Going for a trip across the pond, are we? You lucky ba….er, member!
It’s still a bit early for boot sales, but there is always a toy fair going on somewhere. You must go to the local post shop (newsstand) and pickup an event trade paper or get a copy of a Die-cast magazine. They will have listings in the back of all the shows held over Britain. Whilst in London, you must visit Hamley’s Toy store—the biggest shop in England. They have a 1/32 Scalextric track set up to try, and they sell Micro-Scalextric cars too. Be prepared to spend between $30.00 to $40.00 per car (for HO), as the exchange rate is terrible. 
If you locate a fair that’s close—take the tubes, as driving through London can be trying.

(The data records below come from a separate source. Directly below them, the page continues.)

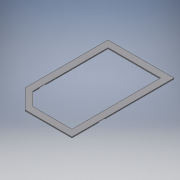
# Autodesk Inventor part: Backplate_V2
Saved by Autodesk Inventor 2016 SP2 (Build 200236200, 236)
## iProperties
Created: 2018-06-11
Part Number: Backplate_V2
Material: Generisch
Document SubType Name: Modeling
Designer: Nils
Density: 1 g/cm^3
Appearance: Vorgabe
Author: Nils
Autodesk Inventor part; units mm, degrees
ref_plane "YZ Plane" through (0, 0, 0) normal (1, 0, 0) x (0, 1, 0)
ref_plane "XZ Plane" through (0, 0, 0) normal (0, 1, 0) x (-1, 0, 0)
ref_plane "XY Plane" through (0, 0, 0) normal (0, 0, 1) x (1, 0, 0)
sketch "Skizze1" plane through (0, 0, 0) normal (0, 0, 1) x (1, 0, 0)
  line L0 (49.5001, 297.0913) -> (-49.5001, 297.0913) projected
  line L1 (49.5001, 143.8903) -> (49.5001, 297.0913) projected
  line L2 (-49.5001, 297.0913) -> (-49.5001, 143.8903) construction
  line L3 (-49.5001, 143.8903) -> (49.5001, 143.8903) construction
  circle A0 centre (-29.7001, 148.7389) radius 1.75 construction
  circle A1 centre (-44.8001, 148.7389) radius 1.75 construction
  circle A2 centre (-24.6237, 162.7718) radius 1.75 construction
  circle A3 centre (-20.9666, 159.2418) radius 1.75 construction
  circle A4 centre (44.5001, 148.8903) radius 2.5 construction
  circle A5 centre (44.5001, 220.1498) radius 2.5 construction
  circle A6 centre (-44.5001, 220.1498) radius 2.5 construction
  circle A7 centre (-44.5001, 292.0913) radius 2.5 construction
  circle A8 centre (44.5001, 292.0913) radius 2.5 construction
  line L4 (49.5001, 143.8903) -> (-20.6089, 143.8903)
  line L5 (-20.6089, 143.8903) -> (-49.5001, 172.7815)
  line L6 (-49.5001, 172.7815) -> (-49.5001, 297.0913)
  line L7 (-39.5001, 287.0913) -> (39.5001, 287.0913)
  line L8 (39.5001, 287.0913) -> (39.5001, 153.8903)
  line L9 (39.5001, 153.8903) -> (-19.2952, 153.8903)
  line L10 (-19.2952, 153.8903) -> (-39.5001, 174.0952)
  line L11 (-39.5001, 174.0952) -> (-39.5001, 287.0913)
  point P0 (0, 0)
  dimension "d0" = 135
  dimension "d1" = 8
  dimension "d2" = 3
  dimension "d3" = 10
  dimension "d4" = 10
  dimension "d5" = 10
  dimension "d6" = 10
  constraints: 16 end point, 3 perpendicular, 2 point on line, 1 collinear, 1 horizontal, 1 parallel
  measures "d0" angle of L5 L3
  measures "d1" distance between parallel lines of L5 L10
  measures "d2" distance from line of A0.centre L5
  measures "d3" distance between parallel lines of L3 L9
  measures "d4" distance between parallel lines of L1 L8
  measures "d5" distance between parallel lines of L2 L11
  measures "d6" distance between parallel lines of L0 L7
extrude "Extrusion1" add sketch "Skizze1" along normal blind 1.5
sketch "Skizze2" plane through (0, 0, 0) normal (0, 0, -1) x (-1, 0, 0)
  circle A0 centre (44.5001, 220.1498) radius 2.4 projected
  circle A1 centre (44.5001, 292.0913) radius 2.4 projected
  circle A2 centre (-44.5001, 292.0913) radius 2.4 projected
  circle A3 centre (-44.5001, 220.1498) radius 2.4 projected
  circle A4 centre (-44.5001, 148.8903) radius 2.4 projected
  circle A5 centre (40.1569, 169.0952) radius 2.5 construction
  circle A6 centre (40.1569, 169.0952) radius 2.4
  point P0 (0, 0)
  dimension "d19" = 4.8
  dimension "d20" = 4.8
  constraints: 1 centre point, 1 coincident
  measures "d19" diameter of A0
  measures "d20" diameter of A6
extrude "Extrusion2" add sketch "Skizze2" along normal blind 2.6
sketch "Skizze3" plane through (0, 0, 0) normal (0, 0, -1) x (-1, 0, 0)
  line L0 (-49.5001, 143.8903) -> (-49.5001, 297.0913) projected
  line L1 (-39.5001, 287.0913) -> (-39.5001, 153.8903) projected
  line L2 (-49.5001, 183.8903) -> (-39.5001, 183.8903)
  line L3 (-39.5001, 183.8903) -> (-39.5001, 193.8903)
  line L4 (-39.5001, 193.8903) -> (-49.5001, 193.8903)
  line L5 (-49.5001, 193.8903) -> (-49.5001, 183.8903)
  line L6 (39.5001, 287.0913) -> (39.5001, 174.0952) projected
  line L7 (49.5001, 297.0913) -> (49.5001, 172.7815) projected
  line L8 (39.5001, 183.8903) -> (49.5001, 183.8903)
  line L9 (49.5001, 183.8903) -> (49.5001, 193.8903)
  line L10 (49.5001, 193.8903) -> (39.5001, 193.8903)
  line L11 (39.5001, 193.8903) -> (39.5001, 183.8903)
  line L12 (39.5001, 174.0952) -> (19.2952, 153.8903) projected
  line L13 (20.7094, 155.3045) -> (26.3662, 149.6477)
  line L14 (49.5001, 172.7815) -> (20.6089, 143.8903) projected
  line L15 (26.3662, 149.6477) -> (33.4373, 156.7188)
  line L16 (33.4373, 156.7188) -> (27.7805, 162.3756)
  line L17 (27.7805, 162.3756) -> (20.7094, 155.3045)
  line L18 (20.6089, 143.8903) -> (-49.5001, 143.8903) projected
  point P0 (0, 0)
  dimension "d11" = 10
  dimension "d12" = 10
  dimension "d13" = 10
  dimension "d14" = 0
  dimension "d15" = 40
  dimension "d16" = 2
  constraints: 24 end point, 8 point on line, 4 parallel, 3 perpendicular, 2 horizontal, 1 collinear
  measures "d11" distance between parallel lines of L2 L4
  measures "d12" distance between parallel lines of L16 L13
  measures "d13" distance between parallel lines of L10 L8
  measures "d14" distance between parallel lines of L8 L2
  measures "d15" distance between parallel lines of L18 L2
  measures "d16" distance from line of L12.end L13
extrude "Extrusion3" cut sketch "Skizze3" against normal blind 1 contours L0 L4 L1 L2 | L13 L12 L16 L14 | L8 L6 L10 L7
equation "\"d4\" = d3"
equation "\"d5\" = d3"
equation "\"d6\" = d3"
equation "\"d20\" = d19"
equation "\"d12\" = d11"
equation "\"d13\" = d11"

Also, parking is camera-controlled, very strict and enforced. Fines are very high. If you must travel outside of the city—go North, and take the bus (or train). A beautiful ride and you can travel quite far on them. If so inclined, the Transportation museum in Covent Gardens (London) is a must see--if you like public transpo, and would like to see a colourful history of UK’s vehicles. Many (1/1) racetracks over there, too. Some quite well known and close to London. They always have a Rallye or club meet, or something going on. You may want to check on that. 
Finally, I will give you a food tip. 
Restaurants are expensive—eat in the pubs- and go early.
Enjoy yourself, and tip back a pint for me, won’t you? 
Mackeson Stout please…:thumbsup:


----------



## IRON LOU (Feb 7, 2005)

*Uk*

Did ya go yet? I just got back from Scotland[Edinburgh] Think twice about driving there.The traffic's as bad as NYC. in the bigger cities,and the traffic patterns are REALLY different than you could immagine.Bye the way,ALL the cars are sticks.[NO CHEVIES,EITHER!!!!] It actually took some time for me to get used to WALKING around without getting run over!! I went to 5 hobby shops,[they were in walking distance to my hotel.] I didn't see much HO at all,mostly 1/32 stuff.And the prices are NUTS.I was looking for a Scottish N-scale steam passenger train,American freight cars you see here for 4 bucks were 8 to 10 pounds there.[a pound is around $1.60-80].


----------